What is missing is why the part of the game after host opens a door is not an independand game?

Because you've already picked a door. Whether there's a car behind either of the two remaining doors depends on whether you happened to have picked the right door in the first place.

The question as specified assumes a knowledgeable yet dumb Monty Hall. Suppose Monty Hall is instead devious: He only shows you a door if you happened to have picked the right door in the first place. This Monty isn't quite devious enough. There is still information of which you can take advantage. Even more devious: Monty flips a coin. Heads, he shows another door, tails he doesn't. Now your choice to switch or stay is irrelevant. Your odds are 1/3 whether you switch or stay.

That Monty needs to know where the car is another factor. He has to know which door *not* to open. Suppose Monty asks Carol to open a door, and voila! It's a car. "Thanks! I'll switch to that door!"Ultimately, this is a question of how to take advantage of partial information in an uncertain world. A whole lot of very useful mathematics has been created to address this general question. It's the basis for how we put men on the Moon in the 1960s, for example.

 

[economicsnerd]

Even more devious: Monty flips a coin. Heads, he shows another door, tails he doesn't. Now your choice to switch or stay is irrelevant. Your odds are 1/3 whether you switch or stay.

Really?

If I'm interpreting correctly, you're saying:
- You choose a door.
- He flips a coin.
- If tails, you get no other information.
- If heads, he opens a door with no car behind it.
If that's the game you had in mind, you still face the usual trade-off conditional on heads. That is, if it comes up heads you switch.

 

[D H]

You're right. I'll have to rethink that.

 

[Office_Shredder]

I tried calculating - if he has probability p₁ of opening a door if you have a winning door, and probability p₂ of opening a door if you have a losing door, then for P(you have a winning door | no door opens) = 1/3 (i.e. you gain no information), you must have p₁ = p₂, and for P(you have a winning door | a door opens) = 1/2 (i.e. again you gain no information) you must have p₁ = 2 p₂, i.e. the only way he can give you no information is by never opening a door (assuming he has a mixed strategy contingent only on the state of the game after you pick a door).

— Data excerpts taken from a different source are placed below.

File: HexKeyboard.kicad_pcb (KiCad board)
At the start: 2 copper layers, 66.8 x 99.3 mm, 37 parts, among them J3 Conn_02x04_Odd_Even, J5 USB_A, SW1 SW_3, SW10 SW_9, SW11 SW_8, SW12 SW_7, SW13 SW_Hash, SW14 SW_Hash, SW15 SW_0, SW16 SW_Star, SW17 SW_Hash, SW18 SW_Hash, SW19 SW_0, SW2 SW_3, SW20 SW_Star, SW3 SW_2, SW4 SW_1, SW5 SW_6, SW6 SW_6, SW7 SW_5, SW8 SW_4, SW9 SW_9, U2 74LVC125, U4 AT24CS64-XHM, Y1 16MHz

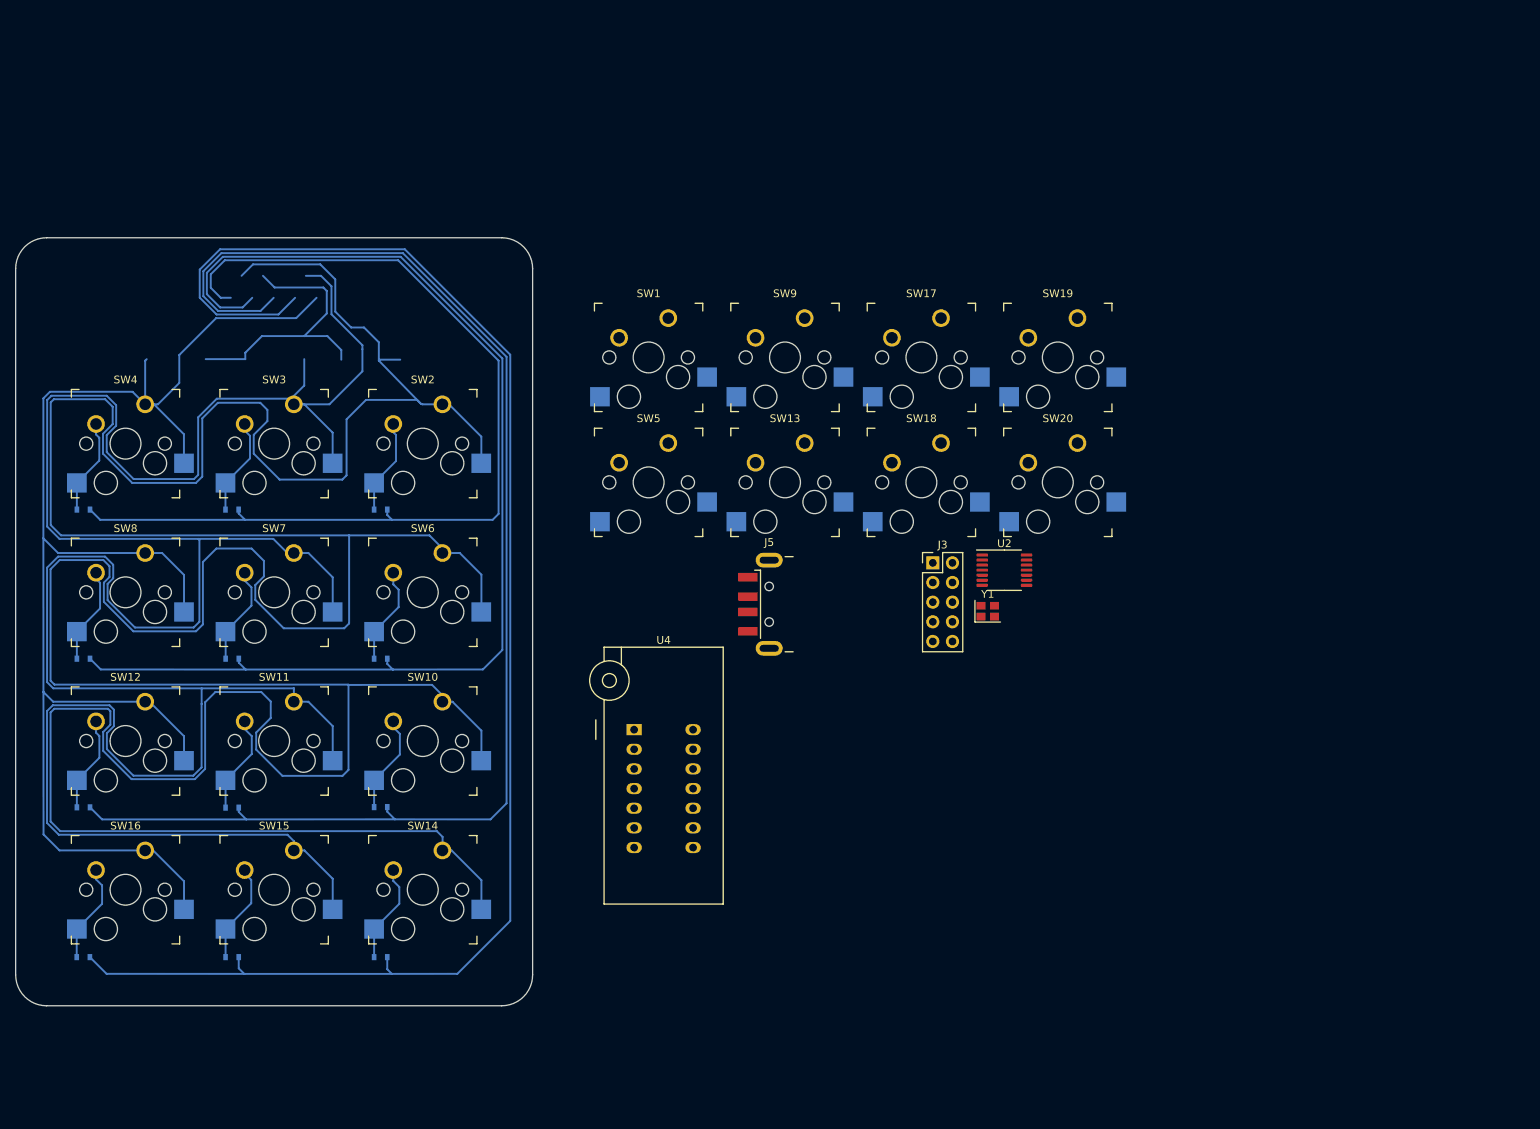
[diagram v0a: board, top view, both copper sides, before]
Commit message: Cleaned up libraries Added Display Switched to USB-C
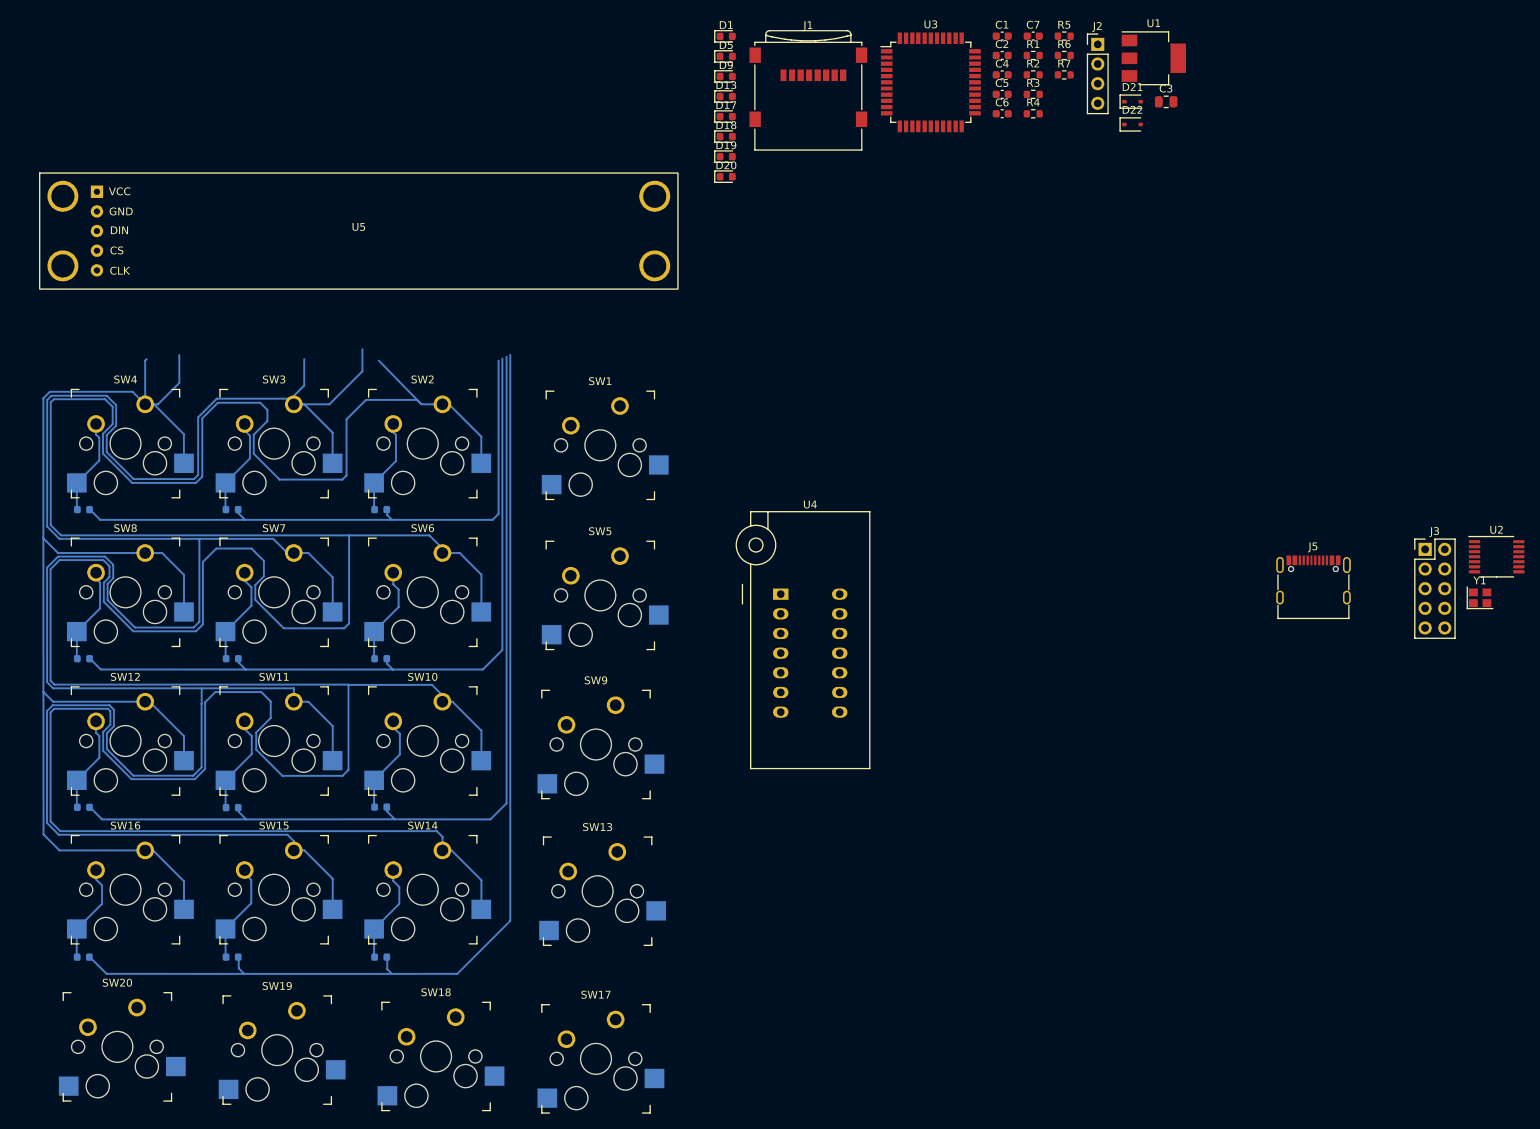
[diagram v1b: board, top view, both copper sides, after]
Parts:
- added C1: 100nF, Capacitor_SMD:C_0603_1608Metric, F.Cu at (209.5, 34.6)
- added C2: 100nF, Capacitor_SMD:C_0603_1608Metric, F.Cu at (209.5, 37.2)
- added C3: 10uF/10V, Capacitor_SMD:C_0805_2012Metric, F.Cu at (230.7, 43.1)
- added C4: 100nF, Capacitor_SMD:C_0603_1608Metric, F.Cu at (209.5, 39.7)
- added C5: 9pF, Capacitor_SMD:C_0603_1608Metric, F.Cu at (209.5, 42.2)
- added C6: 9pF, Capacitor_SMD:C_0603_1608Metric, F.Cu at (209.5, 44.7)
- added C7: 1uF, Capacitor_SMD:C_0603_1608Metric, F.Cu at (213.5, 34.6)
- added D1: D, Diode_SMD:D_0603_1608Metric, F.Cu at (173.9, 34.7)
- added D13: D, Diode_SMD:D_0603_1608Metric, F.Cu at (173.9, 42.5)
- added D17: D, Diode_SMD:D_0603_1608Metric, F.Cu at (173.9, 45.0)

If you don't know what his p₁ and p₂ are though (e.g. he picks them randomly before the game begins and doesn't tell you what they are) then you might not know which direction you are gaining information in, so it might be possible for him to do something tricky still.

 

[economicsnerd]

If you don't know what his p₁ and p₂ are though (e.g. he picks them randomly before the game begins and doesn't tell you what they are) then you might not know which direction you are gaining information in, so it might be possible for him to do something tricky still.

As long as you have a belief over what p₁ and p₂ are and maximize P(car) with respect to that, your previous argument works: just replace p₁ and p₂ with their expectations.